The Ofrenda

El Dia de Los Muertos is actually a two-day event that is today and tomorrow.  It is a Mexican tradition that is very old.  It has its roots in Aztec, Olmec and Mayan lore and is colored with Catholicism. Though it may look a bit like Halloween with skeletons, skulls and the bright orange marigolds that adorn the homes of its celebrants, it has very little in common with it except the date.  My husband (who is from Mexico) tells me that there was a tradition in his village that might appear even like “trick or treating” from the outside, but it was really a solemn occasion.  It was called Los Rosarios.  The organizers of the town would get together and begin a procession where they would stop at each house and recite Rosarios.  They would be given food and treats.  At the end of the evening, the food and treats would be divided among those who participated.  (It sounded not unlike Halloween but with a religious twist.)  He said somewhere around 1978 the tradition came to an end when a new priest in town put a stop to it saying that it was an old fashioned tradition that was pagan. 
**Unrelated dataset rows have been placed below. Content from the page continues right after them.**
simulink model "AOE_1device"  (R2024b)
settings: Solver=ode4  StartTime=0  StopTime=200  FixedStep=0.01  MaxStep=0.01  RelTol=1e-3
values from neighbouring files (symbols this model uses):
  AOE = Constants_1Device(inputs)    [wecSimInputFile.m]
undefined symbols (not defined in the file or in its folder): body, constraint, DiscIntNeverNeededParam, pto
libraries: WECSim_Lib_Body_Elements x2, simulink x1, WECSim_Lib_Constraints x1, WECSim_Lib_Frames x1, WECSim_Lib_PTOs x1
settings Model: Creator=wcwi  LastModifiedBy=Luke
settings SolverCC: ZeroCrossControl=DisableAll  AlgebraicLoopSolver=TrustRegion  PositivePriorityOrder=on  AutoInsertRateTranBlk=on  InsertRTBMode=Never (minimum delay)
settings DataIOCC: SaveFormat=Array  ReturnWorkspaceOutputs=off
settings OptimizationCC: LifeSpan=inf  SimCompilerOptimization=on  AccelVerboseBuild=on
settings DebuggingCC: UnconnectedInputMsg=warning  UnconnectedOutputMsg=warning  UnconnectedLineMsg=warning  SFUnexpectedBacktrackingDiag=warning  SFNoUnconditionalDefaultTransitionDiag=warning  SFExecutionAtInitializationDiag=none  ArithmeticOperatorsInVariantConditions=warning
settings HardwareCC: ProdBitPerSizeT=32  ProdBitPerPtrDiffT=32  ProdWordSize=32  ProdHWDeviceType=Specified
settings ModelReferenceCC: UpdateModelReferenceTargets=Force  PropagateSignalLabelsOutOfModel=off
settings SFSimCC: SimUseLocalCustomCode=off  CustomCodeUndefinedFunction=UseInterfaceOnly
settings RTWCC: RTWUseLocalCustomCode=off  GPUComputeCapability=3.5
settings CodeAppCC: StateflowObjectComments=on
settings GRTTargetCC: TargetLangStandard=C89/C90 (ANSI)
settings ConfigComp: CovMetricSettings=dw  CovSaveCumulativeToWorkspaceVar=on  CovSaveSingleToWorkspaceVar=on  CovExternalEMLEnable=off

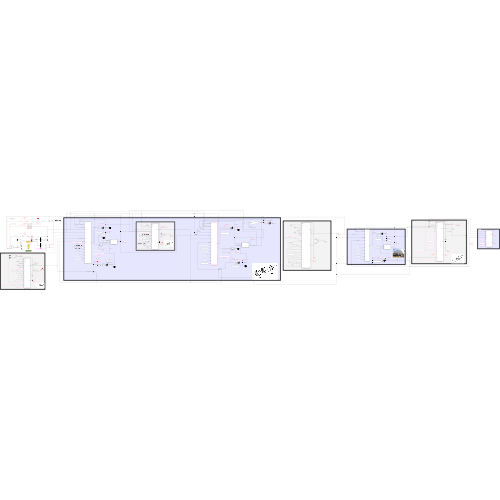
[thumbnail: Simulink's stored preview of the top-level diagram]
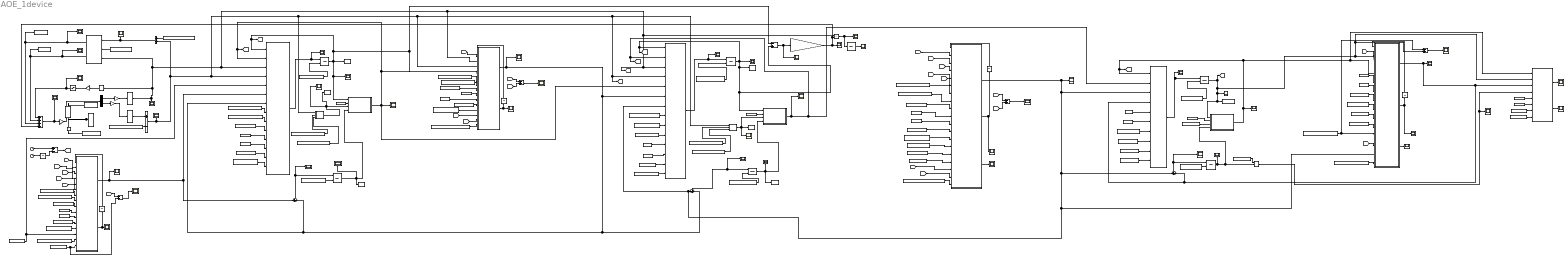
== system AOE_1device ==
  note: Useful Power
  note: Outlet Piston Chamber 1 Valve
  note: Outlet Tank Valve
  note: Inlet Piston valve
  note: Outlet Piston Valve
  " mdot Tank Unit1" : Scope
  " mdot max Tank Unit1" : Scope
  Add1 : Sum  Inputs=+-
  Add{2..3,7,9} (4 alike) : Sum  Inputs=-+
  Add4 : Sum  Inputs=+-  RndMeth=Simplest
  Add8 : Sum  Inputs=++++  RndMeth=Simplest
  Air Mass Chamber1 Unit1 : Scope
  Air Mass Chamber2 Unit1 : Scope
  Air Mass change rate Chamber1 Unit1 : Scope
  Air Mass change rate Chamber2 Unit1 : Scope
  Assertion : Assertion  AssertionFailFcn=Ch1C1 mass is zero
  Assertion1 : Assertion  AssertionFailFcn=Ch1C1 pressure is zero
  Assertion2 : Assertion  AssertionFailFcn=Ch2C1 pressure is zero  StopWhenAssertionFail=off
  Assertion3 : Assertion  AssertionFailFcn=Ch2C1 mass is zero
  Assertion4 : Assertion  AssertionFailFcn=Ch1C1 volume is zero
  Assertion5 : Assertion  AssertionFailFcn=Ch2C1 volume is zero
  Atmospheric pressure1 : Constant  Value=AOE.AtmPressure
  Atmospheric pressure2 : Constant  Value=AOE.AtmPressure
  Bus Selector : BusSelector  OutputSignals=velocity,position
  Chamber pressure potential Unit1 : Scope
  Clock : Clock
  Clock1 : Clock
  Constant{1,14,24,37,56} (5 alike) : Constant  Value=AOE.Unit1.Cylinder.HeatConvection
  Constant{3..5,10,22,27,30,35,39,43,61} (11 alike) : Constant  Value=AOE.Rs
  Constant11 : Constant  Value=AOE.Cp
  Constant16 : Constant  Value=AOE.Unit1.Chamber2.InitialPistonPosition
  Constant17 : Constant  Value=AOE.Unit1.Cylinder.Diameter
  Constant18 : Constant  Value=AOE.Unit1.Chamber2.InitialAirMass
  Constant19 : Constant  Value=AOE.Unit1.Chamber1.InitialPressure
  Constant{2,48,50,55,60} (5 alike) : Constant  Value=AOE.Unit1.Tank.Volume
  Constant20 : Constant  Value=AOE.Unit1.Chamber2.InitialPressure
  Constant21 : Constant  Value=AOE.Unit1.OutletTankOrifice.CrossSectionalArea
  Constant{6,23,28,31,40,47,62} (7 alike) : Constant  Value=AOE.gma
  Constant25 : Constant  Value=AOE.Unit1.Tank.InitialAirMass
  Constant{8,26,38,42,52,57,64} (7 alike) : Constant  Value=AOE.WaterTemperature
  Constant{7,29,41,46,49,51,63} (7 alike) : Constant  Value=AOE.Unit1.Cylinder.CrossSectionalArea
  Constant32 : Constant  Value=AOE.Unit1.Tank.HeatConvection
  Constant33 : Constant  Value=AOE.Unit1.Tank.InitialPressure
  Constant34 : Constant  Value=AOE.Unit1.Tank.SurfaceArea
  Constant44 : Constant  Value=AOE.Unit1.Chamber2.InitialPistonPosition
  Constant53 : Constant  Value=AOE.Unit1.Tank.HeatConvection
  Constant54 : Constant  Value=AOE.Unit1.Tank.SurfaceArea
  Constant58 : Constant  Value=AOE.Unit1.Tank.HeatConvection
  Constant59 : Constant  Value=AOE.Unit1.Tank.SurfaceArea
  Constant65 : Constant  Value=AOE.Unit1.InletCylinderOrifice.CrossSectionalArea
  Constant66 : Constant  Value=AOE.Unit1.OutletCylinderOrifice.CrossSectionalArea
  Constant67 : Constant  Value=AOE.Unit1.Chamber1Chamber2Orifice.CrossSectionalArea
  Constant9 : Constant  Value=AOE.Unit1.Chamber1.InitialAirMass
  Coulomb & Viscous Friction Unit1 : simulink/Discontinuities/Coulomb & Viscous Friction  offset=0  gain=AOE.Unit1.Cylinder.CoulombFrictionGain
  Cyl D{,1..3} (4 alike) : Constant  Value=AOE.Unit1.Cylinder.Diameter
  Density : Scope
  Determining Useful Energy : MATLAB Function
      settings: MinAlgLoopOccurrences=on
  Discrete-Time Integrator : DiscreteIntegrator  InitialConditionSource=external  InitialCondition=101.3  SampleTime=-1  LimitOutput=on  LowerSaturationLimit=0  ICPrevOutput=DiscIntNeverNeededParam  ICPrevScaledInput=DiscIntNeverNeededParam
  Discrete-Time Integrator1 : DiscreteIntegrator  InitialConditionSource=external  InitialCondition=101.3  SampleTime=-1  LimitOutput=on  LowerSaturationLimit=0  ICPrevOutput=DiscIntNeverNeededParam  ICPrevScaledInput=DiscIntNeverNeededParam
  Discrete-Time Integrator10 : DiscreteIntegrator  InitialConditionSource=external  InitialCondition=1.2754*(10)*.25*pi*0.5^2  SampleTime=-1  LimitOutput=on  LowerSaturationLimit=0  ICPrevOutput=DiscIntNeverNeededParam  ICPrevScaledInput=DiscIntNeverNeededParam
  Discrete-Time Integrator11 : DiscreteIntegrator  InitialConditionSource=external  InitialCondition=1.2754*(2+.05)*.25*pi*2.14^2  SampleTime=-1  LimitOutput=on  LowerSaturationLimit=0  ICPrevOutput=DiscIntNeverNeededParam  ICPrevScaledInput=DiscIntNeverNeededParam
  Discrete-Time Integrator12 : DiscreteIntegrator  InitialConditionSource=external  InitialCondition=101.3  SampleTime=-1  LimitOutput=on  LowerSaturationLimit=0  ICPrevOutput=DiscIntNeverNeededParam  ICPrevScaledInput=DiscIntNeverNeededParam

Perhaps reciting Rosaries is not what the priest took exception with or even that it coincides with All Souls Day, but the beliefs and other traditions surrounding the celebration that began thousands of years before in Pre Columbian times.  Believers contend that during the two day celebration, it is easier for the souls of departed loved ones to communicate with the living.  Ofrendas which are like altars, are prepared in homes and sometimes at grave sites.  Throughout Mexico, even public buildings including schools and government offices will have them (without the religious symbols) as it is intended to honor their rich heritage. Ofrendas are usually decorated with pictures of the loved ones, flowers (orange marigolds called "cempasúchitl"), and food and drink that the deceased were fond of.  It is sort of like Memorial Day with a twist of humor and colorful decorations.  It is not a time of sadness.  It is a celebration of life.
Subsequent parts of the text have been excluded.